### What you should do
Transcribe only the lines of the listing below from the one holding "Line((-12, -8.005), (-12, 8.005))" through the one holding "Line((-9, 12.505), (-11, 12.505))", inclusive, without any change.

### Data shown
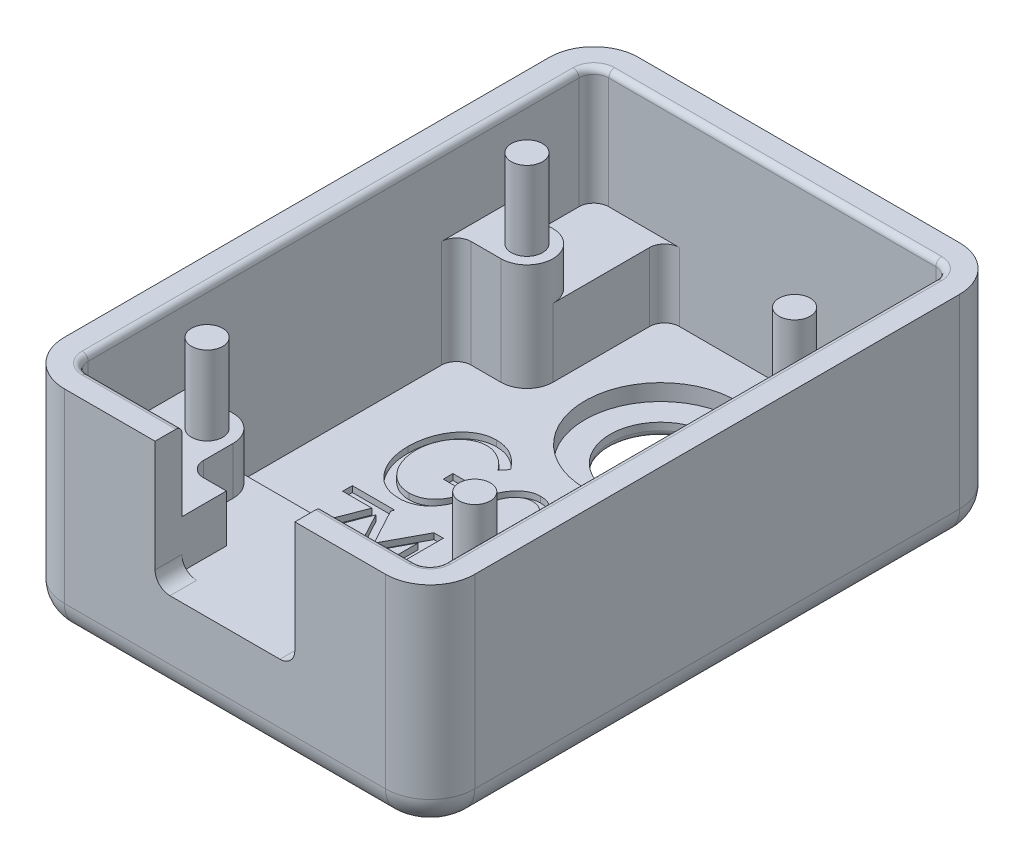
from build123d import *

# Parameters (mm, degrees)
SKETCH_1_3_W        = 27.6
SKETCH_1_3_H        = 38.61
EXTRUDE_2_DEPTH     = 5.3
SKETCH_1_3_R        = 1.05
EXTRUDE_2_2_DEPTH   = 5.3
EXTRUDE_2_3_DEPTH   = 5.3
EXTRUDE_2_4_DEPTH   = 5.3
EXTRUDE_2_5_DEPTH   = 5.3
EXTRUDE_START       = -7.2
SKETCH_1_W          = 27.6
SKETCH_1_H          = 38.61
EXTRUDE_3_DEPTH     = 7.2
EXTRUDE_START_2     = -8.1
EXTRUDE_4_DEPTH     = 4.9
CUT_EXTRUDE_1_DEPTH = 2.3
SKETCH_1_6_W        = 27.6
SKETCH_1_6_H        = 38.61
EXTRUDE_5_DEPTH     = 2
EXTRUDE_6_DEPTH     = 4.6
FILLET_1_R          = 3
FILLET_3_R          = 2
SKETCH_3_7_R        = 3.4
CUT_EXTRUDE_2_DEPTH = 3
SKETCH_3_8_R        = 5.1
SKETCH_3_8_R_2      = 3.4
CUT_EXTRUDE_3_DEPTH = 1.1
FILLET_4_R          = 0.4
FILLET_5_R          = 0.4
CUT_EXTRUDE_4_DEPTH = 0.4
CUT_EXTRUDE_5_DEPTH = 0.4


with BuildPart() as part:
    # 草图1<3> → 凸台-拉伸2 (new body)
    with BuildSketch(Plane(origin=(0, 0, 0), x_dir=(1, 0, 0), z_dir=(0, 1, 0))):
        with Locations((0, 0.75)):
            Rectangle(SKETCH_1_3_W, SKETCH_1_3_H)
        with BuildLine():
            ThreePointArc((-12, 17.255), (-11.707106781, 17.962106781), (-11, 18.255))
            Line((-11, 18.255), (11, 18.255))
            ThreePointArc((11, 18.255), (11.707106781, 17.962106781), (12, 17.255))
            Line((12, 17.255), (12, -15.755))
            ThreePointArc((12, -15.755), (11.707106781, -16.462106781), (11, -16.755))
            Line((11, -16.755), (-11, -16.755))
            ThreePointArc((-11, -16.755), (-11.707106781, -16.462106781), (-12, -15.755))
            Line((-12, -15.755), (-12, 17.255))
        make_face(mode=Mode.SUBTRACT)
    extrude(amount=EXTRUDE_2_DEPTH)

    # 草图1 → 凸台-拉伸3 (add)
    with BuildSketch(Plane(origin=(0, 0, 0), x_dir=(1, 0, 0), z_dir=(0, 1, 0)).offset(EXTRUDE_START)):
        with Locations((0, 0.75)):
            Rectangle(SKETCH_1_W, SKETCH_1_H)
        with BuildLine():
            ThreePointArc((-12, 17.255), (-11.707106781, 17.962106781), (-11, 18.255))
            Line((-11, 18.255), (11, 18.255))
            ThreePointArc((11, 18.255), (11.707106781, 17.962106781), (12, 17.255))
            Line((12, 17.255), (12, 13.505))
            ThreePointArc((12, 13.505), (11.707106781, 12.797893219), (11, 12.505))
            Line((11, 12.505), (9, 12.505))
            ThreePointArc((9, 12.505), (7.25, 10.755), (9, 9.005))
            Line((9, 9.005), (11, 9.005))
            ThreePointArc((11, 9.005), (11.707106781, 8.712106781), (12, 8.005))
            Line((12, 8.005), (12, -8.005))
            ThreePointArc((12, -8.005), (11.707106781, -8.712106781), (11, -9.005))
            Line((11, -9.005), (9, -9.005))
            ThreePointArc((9, -9.005), (7.762563133, -9.517563133), (7.25, -10.755))
            Line((7.25, -10.755), (7.25, -12.755))
            ThreePointArc((7.25, -12.755), (6.957106781, -13.462106781), (6.25, -13.755))
            Line((6.25, -13.755), (4.7, -13.755))
            Line((4.7, -13.755), (4.7, -16.755))
            Line((4.7, -16.755), (-4.7, -16.755))
            Line((-4.7, -16.755), (-4.7, -13.755))
            Line((-4.7, -13.755), (-6.25, -13.755))
            ThreePointArc((-6.25, -13.755), (-6.957106781, -13.462106781), (-7.25, -12.755))
            Line((-7.25, -12.755), (-7.25, -10.755))
            ThreePointArc((-7.25, -10.755), (-7.762563133, -9.517563133), (-9, -9.005))
            Line((-9, -9.005), (-11, -9.005))
            ThreePointArc((-11, -9.005), (-11.707106781, -8.712106781), (-12, -8.005))
            Line((-12, -8.005), (-12, 8.005))
            ThreePointArc((-12, 8.005), (-11.707106781, 8.712106781), (-11, 9.005))
            Line((-11, 9.005), (-9, 9.005))
            ThreePointArc((-9, 9.005), (-7.25, 10.755), (-9, 12.505))
            Line((-9, 12.505), (-11, 12.505))
            ThreePointArc((-11, 12.505), (-11.707106781, 12.797893219), (-12, 13.505))
            Line((-12, 13.505), (-12, 17.255))
        make_face(mode=Mode.SUBTRACT)
    extrude(amount=EXTRUDE_3_DEPTH)

    # 草图1<5> → 凸台-拉伸4 (add)
    with BuildSketch(Plane(origin=(0, 0, 0), x_dir=(1, 0, 0), z_dir=(0, 1, 0)).offset(EXTRUDE_START_2)):
        with BuildLine():
            Line((9, -9.005), (-9, -9.005))
            ThreePointArc((-9, -9.005), (-7.762563133, -9.517563133), (-7.25, -10.755))
            Line((-7.25, -10.755), (-7.25, -12.755))
            ThreePointArc((-7.25, -12.755), (-6.957106781, -13.462106781), (-6.25, -13.755))
            Line((-6.25, -13.755), (-4.7, -13.755))
            Line((-4.7, -13.755), (-4.7, -16.755))
            Line((-4.7, -16.755), (4.7, -16.755))
            Line((4.7, -16.755), (4.7, -13.755))
            Line((4.7, -13.755), (6.25, -13.755))
            ThreePointArc((6.25, -13.755), (6.957106781, -13.462106781), (7.25, -12.755))
            Line((7.25, -12.755), (7.25, -10.755))
            ThreePointArc((7.25, -10.755), (7.762563133, -9.517563133), (9, -9.005))
        make_face()
    extrude(amount=EXTRUDE_4_DEPTH)

    # 草图2 → 切除-拉伸1 (cut)
    with BuildSketch(Plane.XY.offset(18.555)):
        with BuildLine():
            Line((-4.7, 5.3), (-4.7, -2.2))
            ThreePointArc((-4.7, -2.2), (-4.407106781, -2.907106781), (-3.7, -3.2))
            Line((-3.7, -3.2), (3.7, -3.2))
            ThreePointArc((3.7, -3.2), (4.407106781, -2.907106781), (4.7, -2.2))
            Line((4.7, -2.2), (4.7, 5.3))
            Line((4.7, 5.3), (-4.7, 5.3))
        make_face()
    extrude(amount=-CUT_EXTRUDE_1_DEPTH, mode=Mode.SUBTRACT)

    # 草图1<6> → 凸台-拉伸5 (add)
    with BuildSketch(Plane(origin=(0, 0, 0), x_dir=(1, 0, 0), z_dir=(0, 1, 0)).offset(EXTRUDE_START)):
        with Locations((0, 0.75)):
            Rectangle(SKETCH_1_6_W, SKETCH_1_6_H)
    extrude(amount=-EXTRUDE_5_DEPTH)

    # 草图3 → 凸台-拉伸6 (add)
    with BuildSketch(Plane(origin=(0, -7.2, 0), x_dir=(1, 0, 0), z_dir=(0, 1, 0))):
        with BuildLine():
            Line((11, 18.255), (6.25, 18.255))
            ThreePointArc((6.25, 18.255), (6.957106781, 17.962106781), (7.25, 17.255))
            Line((7.25, 17.255), (7.25, 10.755))
            ThreePointArc((7.25, 10.755), (7.762563133, 11.992436867), (9, 12.505))
            Line((9, 12.505), (11, 12.505))
            ThreePointArc((11, 12.505), (11.707106781, 12.797893219), (12, 13.505))
            Line((12, 13.505), (12, 17.255))
            ThreePointArc((12, 17.255), (11.707106781, 17.962106781), (11, 18.255))
        make_face()
        with BuildLine():
            Line((-6.25, 18.255), (-11, 18.255))
            ThreePointArc((-11, 18.255), (-11.707106781, 17.962106781), (-12, 17.255))
            Line((-12, 17.255), (-12, 13.505))
            ThreePointArc((-12, 13.505), (-11.707106781, 12.797893219), (-11, 12.505))
            Line((-11, 12.505), (-9, 12.505))
            ThreePointArc((-9, 12.505), (-7.762563133, 11.992436867), (-7.25, 10.755))
            Line((-7.25, 10.755), (-7.25, 17.255))
            ThreePointArc((-7.25, 17.255), (-6.957106781, 17.962106781), (-6.25, 18.255))
        make_face()
    extrude(amount=EXTRUDE_6_DEPTH)

    # 圆角1
    fillet_1_edges = [part.edges().sort_by_distance(p)[0] for p in [
        (-13.8, -1.95, -20.055),
        (13.8, -1.95, -20.055),
        (13.8, -1.95, 18.555),
        (-13.8, -1.95, 18.555),
    ]]
    fillet(fillet_1_edges, radius=FILLET_1_R)

    # 圆角3
    fillet_3_edges = [part.edges().sort_by_distance(p)[0] for p in [
        (12.921320344, -9.2, 17.676320344),
        (0, -9.2, 18.555),
        (-12.921320344, -9.2, 17.676320344),
        (-13.8, -9.2, -0.75),
        (-12.921320344, -9.2, -19.176320344),
        (0, -9.2, -20.055),
        (12.921320344, -9.2, -19.176320344),
        (13.8, -9.2, -0.75),
    ]]
    fillet(fillet_3_edges, radius=FILLET_3_R)

    # 草图3<7> → 切除-拉伸2 (cut)
    with BuildSketch(Plane(origin=(0, -7.2, 0), x_dir=(1, 0, 0), z_dir=(0, 1, 0))):
        with Locations((0, 10.755)):
            Circle(SKETCH_3_7_R)
    extrude(amount=-CUT_EXTRUDE_2_DEPTH, mode=Mode.SUBTRACT)

    # 草图3<8> → 切除-拉伸3 (cut)
    with BuildSketch(Plane(origin=(0, -7.2, 0), x_dir=(1, 0, 0), z_dir=(0, 1, 0))):
        with Locations((0, 10.755)):
            Circle(SKETCH_3_8_R)
        with Locations((0, 10.755)):
            Circle(SKETCH_3_8_R_2, mode=Mode.SUBTRACT)
    extrude(amount=-CUT_EXTRUDE_3_DEPTH, mode=Mode.SUBTRACT)

    # 圆角4
    fillet_4_edges = [part.edges().sort_by_distance(p)[0] for p in [
        (-3.4, -9.2, -10.755),
    ]]
    fillet(fillet_4_edges, radius=FILLET_4_R)

    # 圆角5
    fillet_5_edges = [part.edges().sort_by_distance(p)[0] for p in [
        (-11.707106781, 5.3, -17.962106781),
        (0, 5.3, -18.255),
        (11.707106781, 5.3, -17.962106781),
        (12, 5.3, -0.75),
        (11.707106781, 5.3, 16.462106781),
        (-7.85, 5.3, 16.755),
        (7.85, 5.3, 16.755),
        (-11.707106781, 5.3, 16.462106781),
        (-12, 5.3, -0.75),
    ]]
    fillet(fillet_5_edges, radius=FILLET_5_R)

    # 草图4 → 切除-拉伸4 (cut)
    # profile 1 of 4: a face of its own
    with BuildSketch(Plane(origin=(0, -7.2, 0), x_dir=(1, 0, 0), z_dir=(0, 1, 0))):
        with BuildLine():
            Line((-3.590091151, 4.248976752), (-3.970429693, 3.785955919))
            add(Edge.make_bspline(
                [(-3.970429693, 3.785955919), (-4.037268914, 3.86860631), (-4.167484556, 4.029625147), (-4.381793299, 4.244574793), (-4.606978121, 4.42652171), (-4.839336209, 4.576328742), (-5.073951621, 4.695723028), (-5.308514002, 4.780175703), (-5.540173518, 4.834597756), (-5.694606155, 4.841099815), (-5.770359581, 4.844289252)],
                knots=[0, 0, 0, 0, 1.180897879, 2.300615913, 3.366389015, 4.392591617, 5.368437861, 6.285267508, 7.158876892, 8, 8, 8, 8], degree=3))
            add(Edge.make_bspline(
                [(-5.770359581, 4.844289252), (-5.817069945, 4.843567106), (-5.909994566, 4.842130484), (-6.048046267, 4.822645863), (-6.18438916, 4.795524642), (-6.31903187, 4.755150037), (-6.452367609, 4.704696653), (-6.58392555, 4.641603985), (-6.713832151, 4.568021811), (-6.840173578, 4.482402267), (-6.963641544, 4.389426747), (-7.079108807, 4.28543502), (-7.189354106, 4.175084641), (-7.2907077, 4.054715547), (-7.386409498, 3.92769037), (-7.474681051, 3.792279004), (-7.55431217, 3.648079314), (-7.652350453, 3.447323234), (-7.754299715, 3.185363029), (-7.840173571, 2.859713522), (-7.894588505, 2.525493885), (-7.90140157, 2.299577239), (-7.904834741, 2.185735566)],
                knots=[0, 0, 0, 0, 0.742195851, 1.476508881, 2.213078346, 2.951281721, 3.708907221, 4.477997883, 5.269176095, 6.080806104, 6.903452709, 7.724910218, 8.549764533, 9.38205395, 10.224901256, 11.077722799, 11.950072611, 12.842695263, 14.629531552, 16.409024752, 18.190471412, 20, 20, 20, 20], degree=3))
            add(Edge.make_bspline(
                [(-7.904834741, 2.185735566), (-7.903766457, 2.127195017), (-7.901634663, 2.01037557), (-7.887242044, 1.836286362), (-7.864388761, 1.664337229), (-7.832765514, 1.49432663), (-7.790496159, 1.326733211), (-7.73964663, 1.161107644), (-7.679681635, 0.998088531), (-7.611368043, 0.838221313), (-7.534536244, 0.683742681), (-7.448589141, 0.537368493), (-7.357921101, 0.398559622), (-7.258451158, 0.26923917), (-7.154090381, 0.14679802), (-7.03961983, 0.035119282), (-6.920265073, -0.07000666), (-6.793335829, -0.165000161), (-6.661123655, -0.249616486), (-6.526473689, -0.325825656), (-6.387304238, -0.387842756), (-6.245178796, -0.43878873), (-6.100514493, -0.480333525), (-5.952152984, -0.507192999), (-5.801405472, -0.526682916), (-5.699614565, -0.528081735), (-5.648244196, -0.528787671)],
                knots=[0, 0, 0, 0, 1.075648671, 2.146489633, 3.207621231, 4.262009588, 5.322110962, 6.381840063, 7.444229469, 8.512289095, 9.575021281, 10.611993966, 11.629793255, 12.619316909, 13.608073431, 14.583229653, 15.555112222, 16.529022636, 17.492908616, 18.438097579, 19.369212982, 20.288485365, 21.211020687, 22.130920189, 23.056739734, 24, 24, 24, 24], degree=3))
            add(Edge.make_bspline(
                [(-5.648244196, -0.528787671), (-5.586245073, -0.527056469), (-5.464260062, -0.52365028), (-5.285344173, -0.49735207), (-5.113659215, -0.455986559), (-4.949846036, -0.395188367), (-4.792865222, -0.318806283), (-4.64289298, -0.22542814), (-4.501546978, -0.113861253), (-4.368342058, 0.013130948), (-4.24564184, 0.153900711), (-4.134540487, 0.305821463), (-4.036580785, 0.467497625), (-3.951668914, 0.63919933), (-3.88250654, 0.821470317), (-3.824955576, 1.013552652), (-3.779918292, 1.215435345), (-3.762002753, 1.35449423), (-3.752911664, 1.425058483)],
                knots=[0, 0, 0, 0, 0.992732885, 1.953229764, 2.890514293, 3.816609624, 4.746085783, 5.682705685, 6.640557555, 7.625359646, 8.626536552, 9.627713458, 10.636418116, 11.650913816, 12.691491505, 13.75510899, 14.860849082, 16, 16, 16, 16], degree=3))
            Line((-3.752911664, 1.425058483), (-5.299706536, 1.425058483))
            Line((-5.299706536, 1.425058483), (-5.299706536, 2.076340534))
            Line((-5.299706536, 2.076340534), (-3.264450126, 2.076340534))
            add(Edge.make_bspline(
                [(-3.264450126, 2.076340534), (-3.266781118, 1.955008717), (-3.271337241, 1.717855355), (-3.30292307, 1.371781229), (-3.356675444, 1.045124129), (-3.428382129, 0.73736964), (-3.521287099, 0.448796583), (-3.634098973, 0.179333085), (-3.768732371, -0.070444666), (-3.921541226, -0.300040806), (-4.091896723, -0.506543018), (-4.276761073, -0.687428033), (-4.476488804, -0.840312635), (-4.690886839, -0.964489286), (-4.91879673, -1.062183294), (-5.160784992, -1.130508252), (-5.416559495, -1.172251665), (-5.591688729, -1.177423075), (-5.681317113, -1.180069722)],
                knots=[0, 0, 0, 0, 1.279979538, 2.501828927, 3.662287385, 4.770080211, 5.832462613, 6.856844025, 7.847542677, 8.821456207, 9.761900772, 10.666623651, 11.544302252, 12.408204966, 13.273981784, 14.15325484, 15.054864909, 16, 16, 16, 16], degree=3))
            add(Edge.make_bspline(
                [(-5.681317113, -1.180069722), (-5.736047147, -1.179032528), (-5.844411972, -1.176978896), (-6.004923252, -1.162407979), (-6.161470815, -1.140313842), (-6.31335342, -1.106461196), (-6.461176263, -1.065212624), (-6.604063975, -1.012326059), (-6.742954782, -0.951146361), (-6.878249429, -0.881607377), (-7.008047049, -0.800587196), (-7.134123982, -0.711839898), (-7.255622578, -0.613198839), (-7.372344567, -0.505173345), (-7.484906099, -0.387482415), (-7.592528611, -0.259980243), (-7.697419806, -0.124307777), (-7.761657679, -0.028005722), (-7.794167674, 0.02073156)],
                knots=[0, 0, 0, 0, 1.032382545, 2.044105334, 3.038476821, 4.012827536, 4.97754274, 5.931586725, 6.884288403, 7.839538852, 8.798533035, 9.768407888, 10.746592774, 11.748528567, 12.766901797, 13.816738798, 14.895078446, 16, 16, 16, 16], degree=3))
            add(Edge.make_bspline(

### Answer below
            Line((-12, -8.005), (-12, 8.005))
            ThreePointArc((-12, 8.005), (-11.707106781, 8.712106781), (-11, 9.005))
            Line((-11, 9.005), (-9, 9.005))
            ThreePointArc((-9, 9.005), (-7.25, 10.755), (-9, 12.505))
            Line((-9, 12.505), (-11, 12.505))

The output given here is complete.